Records provided:
________________________________________
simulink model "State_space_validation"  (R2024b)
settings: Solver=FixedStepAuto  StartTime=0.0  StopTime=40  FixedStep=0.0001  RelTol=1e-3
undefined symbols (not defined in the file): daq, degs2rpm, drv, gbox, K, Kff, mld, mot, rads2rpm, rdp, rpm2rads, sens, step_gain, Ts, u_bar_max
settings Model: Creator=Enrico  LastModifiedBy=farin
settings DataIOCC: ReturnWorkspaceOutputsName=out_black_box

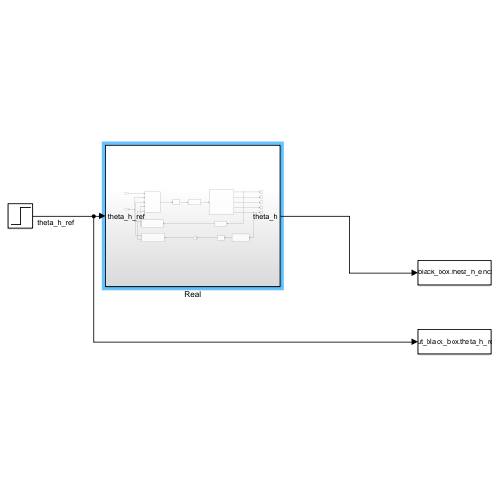
[thumbnail: Simulink's stored preview of the top-level diagram]
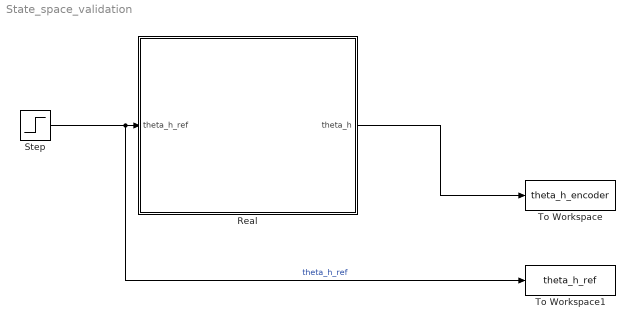
== system State_space_validation ==
  Real : Subsystem
  Step : Step  After=step_gain  SampleTime=0
  To Workspace : ToWorkspace  VariableName=theta_h_encoder  SaveFormat=Structure With Time  SampleTime=-1
  To Workspace1 : ToWorkspace  VariableName=theta_h_ref  SaveFormat=Structure With Time  SampleTime=-1
  wires:
  Step/1 -> To Workspace1/1, Real/1(theta_h_ref)  "theta_h_ref"
  Real/1(theta_h) -> To Workspace/1

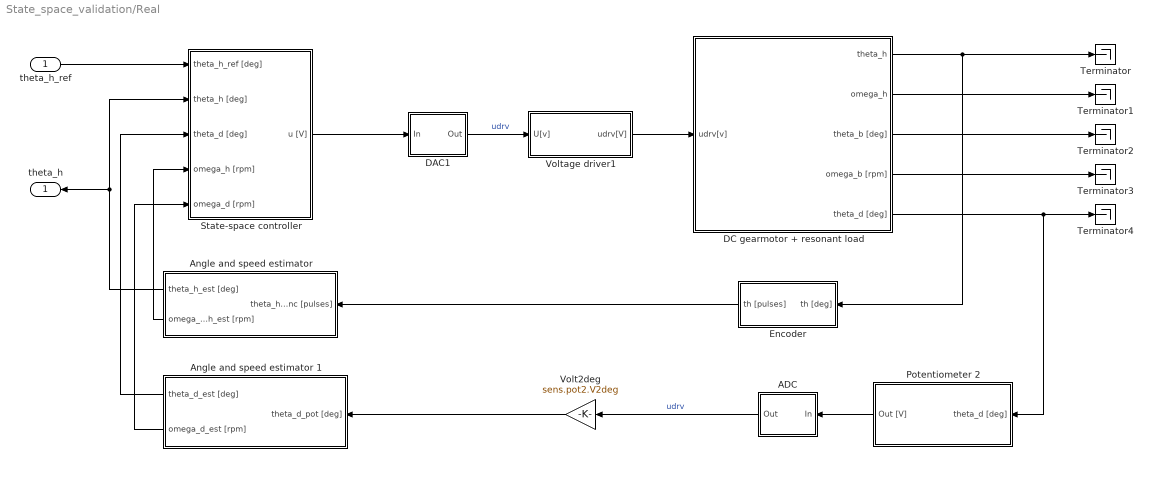
== system State_space_validation/Real ==
  theta_h_ref : Inport
  ADC : Subsystem
  Angle and speed estimator : Subsystem
  Angle and speed estimator 1 : Subsystem
  DAC1 : Subsystem
  DC gearmotor + resonant load : Subsystem
  Encoder : Subsystem
  Potentiometer 2 : Subsystem
  State-space controller : Subsystem
  Terminator{,1..4} (5 alike) : Terminator
  Volt2deg : Gain  Gain=sens.pot2.V2deg
  Voltage driver1 : Subsystem
  theta_h : Outport
  wires:
  DC gearmotor + resonant load/1(theta_h) -> Terminator/1, Encoder/1(th [deg])
  DC gearmotor + resonant load/5(theta_d [deg]) -> Potentiometer 2/1(theta_d [deg]), Terminator4/1
  DC gearmotor + resonant load/4(omega_b [rpm]) -> Terminator3/1
  Voltage driver1/1(udrv[V]) -> DC gearmotor + resonant load/1(udrv[v])
  DAC1/1(Out) -> Voltage driver1/1(U[v])  "udrv"
  DC gearmotor + resonant load/2(omega_h) -> Terminator1/1
  DC gearmotor + resonant load/3(theta_b [deg]) -> Terminator2/1
  Potentiometer 2/1(Out [V]) -> ADC/1(In)
  ADC/1(Out) -> Volt2deg/1  "udrv"
  State-space controller/1(u [V]) -> DAC1/1(In)
  Volt2deg/1 -> Angle and speed estimator 1/1(theta_d_pot [deg])
  Encoder/1(th [pulses]) -> Angle and speed estimator/1(theta_h_enc [pulses])
  Angle and speed estimator/1(theta_h_est [deg]) -> State-space controller/2(theta_h [deg]), theta_h/1
  Angle and speed estimator/2(omega_h_est [rpm]) -> State-space controller/4(omega_h [rpm])
  Angle and speed estimator 1/1(theta_d_est [deg]) -> State-space controller/3(theta_d [deg])
  Angle and speed estimator 1/2(omega_d_est [rpm]) -> State-space controller/5(omega_d [rpm])
  theta_h_ref/1 -> State-space controller/1(theta_h_ref [deg])

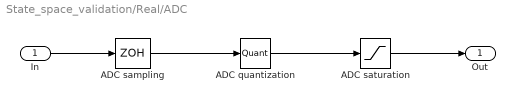
== system State_space_validation/Real/ADC ==
  In : Inport
  ADC quantization : Quantizer  QuantizationInterval=daq.adc.q
  ADC sampling : ZeroOrderHold  SampleTime=Ts
  ADC saturation : Saturate  UpperLimit=daq.adc.fs  LowerLimit=-daq.adc.fs
  Out : Outport
  wires:
  ADC quantization/1 -> ADC saturation/1
  In/1 -> ADC sampling/1
  ADC sampling/1 -> ADC quantization/1
  ADC saturation/1 -> Out/1

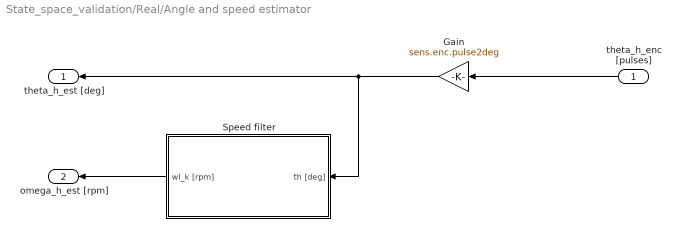
== system State_space_validation/Real/Angle and speed estimator ==
  theta_h_enc [pulses] : Inport
  Gain : Gain  Gain=sens.enc.pulse2deg
  Speed filter : Subsystem
  theta_h_est [deg] : Outport
  omega_h_est [rpm] : Outport  Port=2
  wires:
  Speed filter/1(wl_k [rpm]) -> omega_h_est [rpm]/1
  theta_h_enc [pulses]/1 -> Gain/1
  Gain/1 -> Speed filter/1(th [deg]), theta_h_est [deg]/1

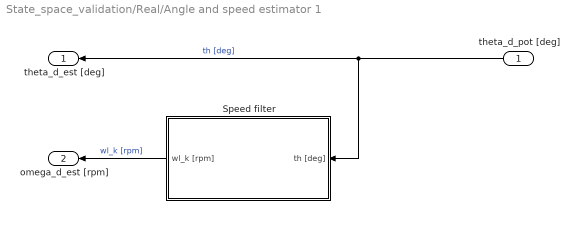
== system State_space_validation/Real/Angle and speed estimator 1 ==
  theta_d_pot [deg] : Inport
  Speed filter : Subsystem
  theta_d_est [deg] : Outport
  omega_d_est [rpm] : Outport  Port=2
  wires:
  Speed filter/1(wl_k [rpm]) -> omega_d_est [rpm]/1  "wl_k [rpm]"
  theta_d_pot [deg]/1 -> Speed filter/1(th [deg]), theta_d_est [deg]/1  "th [deg]"

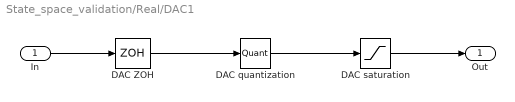
== system State_space_validation/Real/DAC1 ==
  In : Inport
  DAC ZOH : ZeroOrderHold  SampleTime=Ts
  DAC quantization : Quantizer  QuantizationInterval=daq.dac.q
  DAC saturation : Saturate  UpperLimit=daq.dac.fs  LowerLimit=-daq.dac.fs
  Out : Outport
  wires:
  DAC quantization/1 -> DAC saturation/1
  In/1 -> DAC ZOH/1
  DAC ZOH/1 -> DAC quantization/1
  DAC saturation/1 -> Out/1

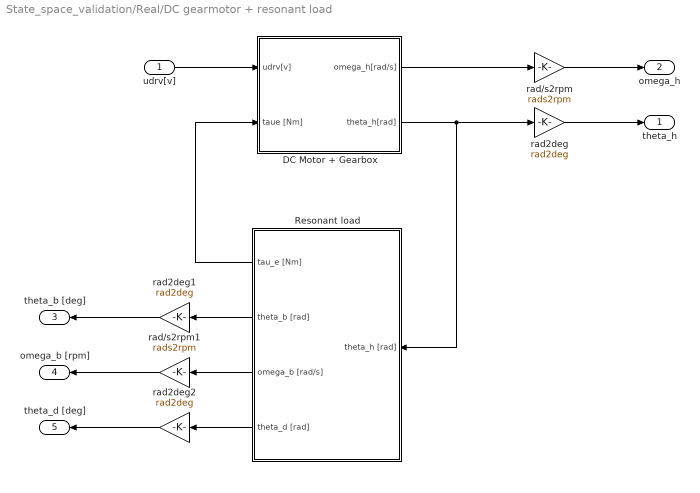
== system State_space_validation/Real/DC gearmotor + resonant load ==
  udrv[v] : Inport
  DC Motor + Gearbox : Subsystem
  Resonant load : Subsystem
  rad/s2rpm : Gain  Gain=rads2rpm
  rad/s2rpm1 : Gain  Gain=rads2rpm
  rad2deg : Gain  Gain=rad2deg
  rad2deg1 : Gain  Gain=rad2deg
  rad2deg2 : Gain  Gain=rad2deg
  theta_h : Outport
  omega_h : Outport  Port=2
  theta_b [deg] : Outport  Port=3
  omega_b [rpm] : Outport  Port=4
  theta_d [deg] : Outport  Port=5
  wires:
  udrv[v]/1 -> DC Motor + Gearbox/1(udrv[v])
  DC Motor + Gearbox/2(theta_h[rad]) -> rad2deg/1, Resonant load/1(theta_h [rad])
  Resonant load/3(omega_b [rad/s]) -> rad/s2rpm1/1
  Resonant load/2(theta_b [rad]) -> rad2deg1/1
  Resonant load/1(tau_e [Nm]) -> DC Motor + Gearbox/2(taue [Nm])
  rad/s2rpm1/1 -> omega_b [rpm]/1
  rad2deg2/1 -> theta_d [deg]/1
  rad2deg1/1 -> theta_b [deg]/1
  Resonant load/4(theta_d [rad]) -> rad2deg2/1
  rad/s2rpm/1 -> omega_h/1
  DC Motor + Gearbox/1(omega_h[rad/s]) -> rad/s2rpm/1
  rad2deg/1 -> theta_h/1

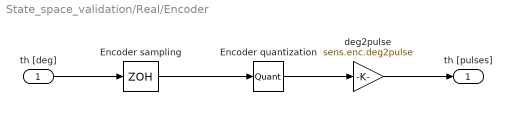
== system State_space_validation/Real/Encoder ==
  th [deg] : Inport
  Encoder quantization : Quantizer  QuantizationInterval=sens.enc.pulse2deg
  Encoder sampling : ZeroOrderHold  SampleTime=Ts
  deg2pulse : Gain  Gain=sens.enc.deg2pulse
  th [pulses] : Outport
  wires:
  Encoder quantization/1 -> deg2pulse/1
  th [deg]/1 -> Encoder sampling/1
  Encoder sampling/1 -> Encoder quantization/1
  deg2pulse/1 -> th [pulses]/1

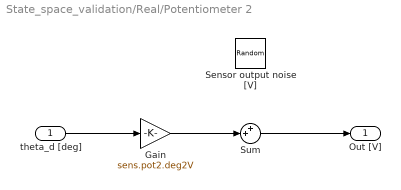
== system State_space_validation/Real/Potentiometer 2 ==
  theta_d [deg] : Inport
  Gain : Gain  Gain=sens.pot2.deg2V
  Sensor output noise [V] : RandomNumber  SampleTime=Ts
  Sum : Sum  Inputs=++|
  Out [V] : Outport
  wires:
  theta_d [deg]/1 -> Gain/1
  Sum/1 -> Out [V]/1
  Gain/1 -> Sum/2

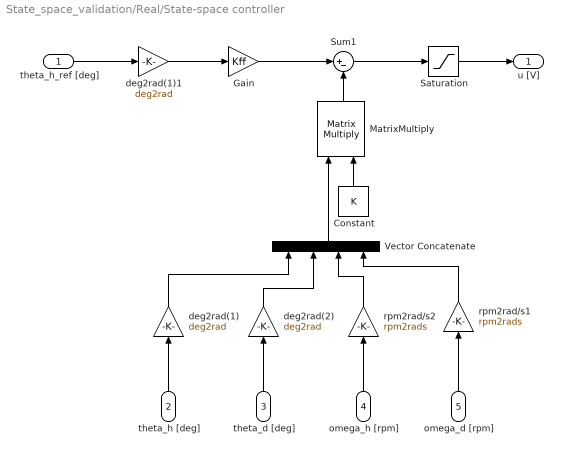
== system State_space_validation/Real/State-space controller ==
  theta_h_ref [deg] : Inport
  theta_h [deg] : Inport  Port=2
  theta_d [deg] : Inport  Port=3
  omega_h [rpm] : Inport  Port=4
  omega_d [rpm] : Inport  Port=5
  Constant : Constant  Value=K
  Gain : Gain  Gain=Kff
  MatrixMultiply : Product  Multiplication=Matrix(*)
  Saturation : Saturate  UpperLimit=u_bar_max  LowerLimit=-u_bar_max
  Sum1 : Sum  Inputs=|+-
  Vector Concatenate : Concatenate  NumInputs=4
  deg2rad(1) : Gain  Gain=deg2rad
  deg2rad(1)1 : Gain  Gain=deg2rad
  deg2rad(2) : Gain  Gain=deg2rad
  rpm2rad/s1 : Gain  Gain=rpm2rads
  rpm2rad/s2 : Gain  Gain=rpm2rads
  u [V] : Outport
  wires:
  deg2rad(2)/1 -> Vector Concatenate/2
  theta_h [deg]/1 -> deg2rad(1)/1
  Gain/1 -> Sum1/1
  deg2rad(1)/1 -> Vector Concatenate/1
  Constant/1 -> MatrixMultiply/2
  omega_d [rpm]/1 -> rpm2rad/s1/1
  rpm2rad/s2/1 -> Vector Concatenate/3
  rpm2rad/s1/1 -> Vector Concatenate/4
  Vector Concatenate/1 -> MatrixMultiply/1
  MatrixMultiply/1 -> Sum1/2
  theta_d [deg]/1 -> deg2rad(2)/1
  omega_h [rpm]/1 -> rpm2rad/s2/1
  deg2rad(1)1/1 -> Gain/1
  theta_h_ref [deg]/1 -> deg2rad(1)1/1
  Saturation/1 -> u [V]/1
  Sum1/1 -> Saturation/1

== system State_space_validation/Real/Voltage driver1 ==
  U[v] : Inport
  Driver dynamics : TransferFcn  Numerator=[drv.dcgain]  Denominator=[drv.Tc 1]
  Driver saturation : Saturate  UpperLimit=12  LowerLimit=-12
  udrv[V] : Outport
  wires:
  U[v]/1 -> Driver dynamics/1
  Driver dynamics/1 -> Driver saturation/1
  Driver saturation/1 -> udrv[V]/1

== system State_space_validation/Real/Angle and speed estimator/Speed filter ==
  th [deg] : Inport
  Real Derivative : TransferFcn  Numerator=[rdp.wci^2 0]  Denominator=[1 2*rdp.di*rdp.wci rdp.wci^2]
  degs2rpm : Gain  Gain=degs2rpm
  wl_k [rpm] : Outport
  wires:
  th [deg]/1 -> Real Derivative/1
  degs2rpm/1 -> wl_k [rpm]/1  "wl-meas"
  Real Derivative/1 -> degs2rpm/1

== system State_space_validation/Real/Angle and speed estimator 1/Speed filter ==
  th [deg] : Inport
  Real Derivative : TransferFcn  Numerator=[rdp.wci^2 0]  Denominator=[1 2*rdp.di*rdp.wci rdp.wci^2]
  degs2rpm : Gain  Gain=degs2rpm
  wl_k [rpm] : Outport
  wires:
  th [deg]/1 -> Real Derivative/1
  degs2rpm/1 -> wl_k [rpm]/1  "wl-meas"
  Real Derivative/1 -> degs2rpm/1

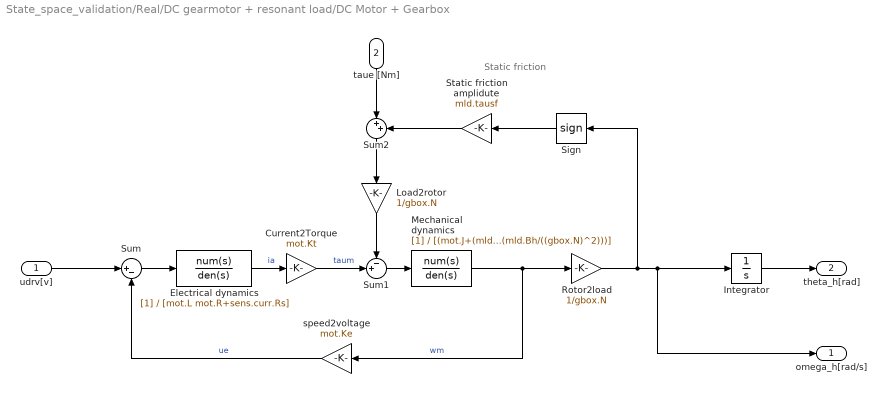
== system State_space_validation/Real/DC gearmotor + resonant load/DC Motor + Gearbox ==
  note: Static friction
  udrv[v] : Inport
  taue [Nm] : Inport  Port=2
  " Sign" : Signum  ZeroCross=off
  Current2Torque : Gain  Gain=mot.Kt
  Electrical dynamics : TransferFcn  Denominator=[mot.L mot.R+sens.curr.Rs]
  Integrator : Integrator
  Load2rotor : Gain  Gain=1/gbox.N
  Mechanical dynamics : TransferFcn  Denominator=[(mot.J+(mld.Jh/((gbox.N)^2))) (mot.B+(mld.Bh/((gbox.N)^2)))]
  Rotor2load : Gain  Gain=1/gbox.N
  Static friction amplidute : Gain  Gain=mld.tausf
  Sum : Sum  Inputs=|+-
  Sum1 : Sum  Inputs=-+|
  Sum2 : Sum  Inputs=|++
  speed2voltage : Gain  Gain=mot.Ke
  omega_h[rad/s] : Outport
  theta_h[rad] : Outport  Port=2
  wires:
  udrv[v]/1 -> Sum/1
  Sum/1 -> Electrical dynamics/1
  Electrical dynamics/1 -> Current2Torque/1  "ia"
  Current2Torque/1 -> Sum1/2  "taum"
  Load2rotor/1 -> Sum1/1
  " Sign"/1 -> Static friction amplidute/1
  Sum1/1 -> Mechanical dynamics/1
  Mechanical dynamics/1 -> speed2voltage/1, Rotor2load/1  "wm"
  speed2voltage/1 -> Sum/2  "ue"
  Rotor2load/1 -> " Sign"/1, omega_h[rad/s]/1, Integrator/1
  Sum2/1 -> Load2rotor/1
  Static friction amplidute/1 -> Sum2/2
  taue [Nm]/1 -> Sum2/1
  Integrator/1 -> theta_h[rad]/1

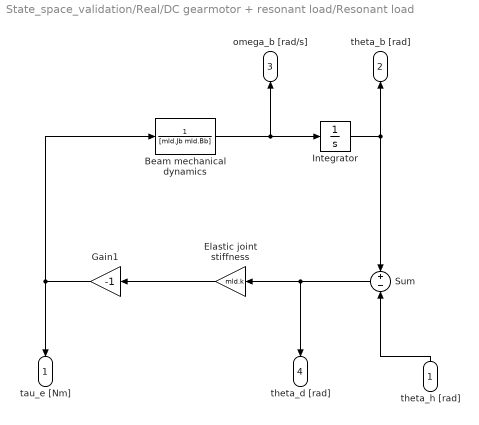
== system State_space_validation/Real/DC gearmotor + resonant load/Resonant load ==
  theta_h [rad] : Inport
  Beam mechanical dynamics : TransferFcn  Denominator=[mld.Jb mld.Bb]
  Elastic joint stiffness : Gain  Gain=mld.k
  Gain1 : Gain  Gain=-1
  Integrator : Integrator
  Sum : Sum  Inputs=+|-
  tau_e [Nm] : Outport
  theta_b [rad] : Outport  Port=2
  omega_b [rad/s] : Outport  Port=3
  theta_d [rad] : Outport  Port=4
  wires:
  theta_h [rad]/1 -> Sum/2
  Gain1/1 -> tau_e [Nm]/1, Beam mechanical dynamics/1
  Sum/1 -> Elastic joint stiffness/1, theta_d [rad]/1
  Integrator/1 -> theta_b [rad]/1, Sum/1
  Elastic joint stiffness/1 -> Gain1/1
  Beam mechanical dynamics/1 -> omega_b [rad/s]/1, Integrator/1
________________________________________
Problem details:
All that is needed is the line containing "Gain1 : Gain" and each line after it to the end of the data above, set down exactly.

Answer space:
  Gain1 : Gain  Gain=-1
  Integrator : Integrator
  Sum : Sum  Inputs=+|-
  tau_e [Nm] : Outport
  theta_b [rad] : Outport  Port=2
  omega_b [rad/s] : Outport  Port=3
  theta_d [rad] : Outport  Port=4
  wires:
  theta_h [rad]/1 -> Sum/2
  Gain1/1 -> tau_e [Nm]/1, Beam mechanical dynamics/1
  Sum/1 -> Elastic joint stiffness/1, theta_d [rad]/1
  Integrator/1 -> theta_b [rad]/1, Sum/1
  Elastic joint stiffness/1 -> Gain1/1
  Beam mechanical dynamics/1 -> omega_b [rad/s]/1, Integrator/1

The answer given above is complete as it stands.